▶ _THE PROBLEM_
Starting at the first line of the listing below and ending at the line with "u/1 -> heli_model/1(w (rad/s))", copy each line exactly.

▶ _DATA TO EXAMINE_
###

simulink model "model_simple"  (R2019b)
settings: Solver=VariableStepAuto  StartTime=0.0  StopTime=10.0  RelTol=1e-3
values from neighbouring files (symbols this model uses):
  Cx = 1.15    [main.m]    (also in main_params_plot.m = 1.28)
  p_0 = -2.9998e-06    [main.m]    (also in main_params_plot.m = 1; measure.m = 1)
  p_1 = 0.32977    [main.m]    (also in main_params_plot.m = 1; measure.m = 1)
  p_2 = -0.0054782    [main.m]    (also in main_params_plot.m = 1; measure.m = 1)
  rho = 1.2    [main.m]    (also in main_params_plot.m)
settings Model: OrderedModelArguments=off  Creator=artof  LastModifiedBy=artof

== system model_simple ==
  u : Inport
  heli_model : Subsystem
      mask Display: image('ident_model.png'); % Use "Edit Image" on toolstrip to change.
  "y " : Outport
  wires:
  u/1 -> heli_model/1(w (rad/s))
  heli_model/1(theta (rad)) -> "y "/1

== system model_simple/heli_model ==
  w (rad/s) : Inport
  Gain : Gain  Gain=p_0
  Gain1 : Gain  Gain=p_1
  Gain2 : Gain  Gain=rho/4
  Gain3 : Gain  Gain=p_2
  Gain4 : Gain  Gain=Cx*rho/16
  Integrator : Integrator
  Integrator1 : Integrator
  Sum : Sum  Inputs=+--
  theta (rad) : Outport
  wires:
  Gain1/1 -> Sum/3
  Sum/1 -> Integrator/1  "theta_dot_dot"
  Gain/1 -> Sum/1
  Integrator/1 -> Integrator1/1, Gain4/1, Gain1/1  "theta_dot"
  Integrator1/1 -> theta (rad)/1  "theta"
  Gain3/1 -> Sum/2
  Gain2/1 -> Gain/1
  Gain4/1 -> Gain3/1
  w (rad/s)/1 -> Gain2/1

###

▶ _RESULT FOR THIS TASK_
simulink model "model_simple"  (R2019b)
settings: Solver=VariableStepAuto  StartTime=0.0  StopTime=10.0  RelTol=1e-3
values from neighbouring files (symbols this model uses):
  Cx = 1.15    [main.m]    (also in main_params_plot.m = 1.28)
  p_0 = -2.9998e-06    [main.m]    (also in main_params_plot.m = 1; measure.m = 1)
  p_1 = 0.32977    [main.m]    (also in main_params_plot.m = 1; measure.m = 1)
  p_2 = -0.0054782    [main.m]    (also in main_params_plot.m = 1; measure.m = 1)
  rho = 1.2    [main.m]    (also in main_params_plot.m)
settings Model: OrderedModelArguments=off  Creator=artof  LastModifiedBy=artof

== system model_simple ==
  u : Inport
  heli_model : Subsystem
      mask Display: image('ident_model.png'); % Use "Edit Image" on toolstrip to change.
  "y " : Outport
  wires:
  u/1 -> heli_model/1(w (rad/s))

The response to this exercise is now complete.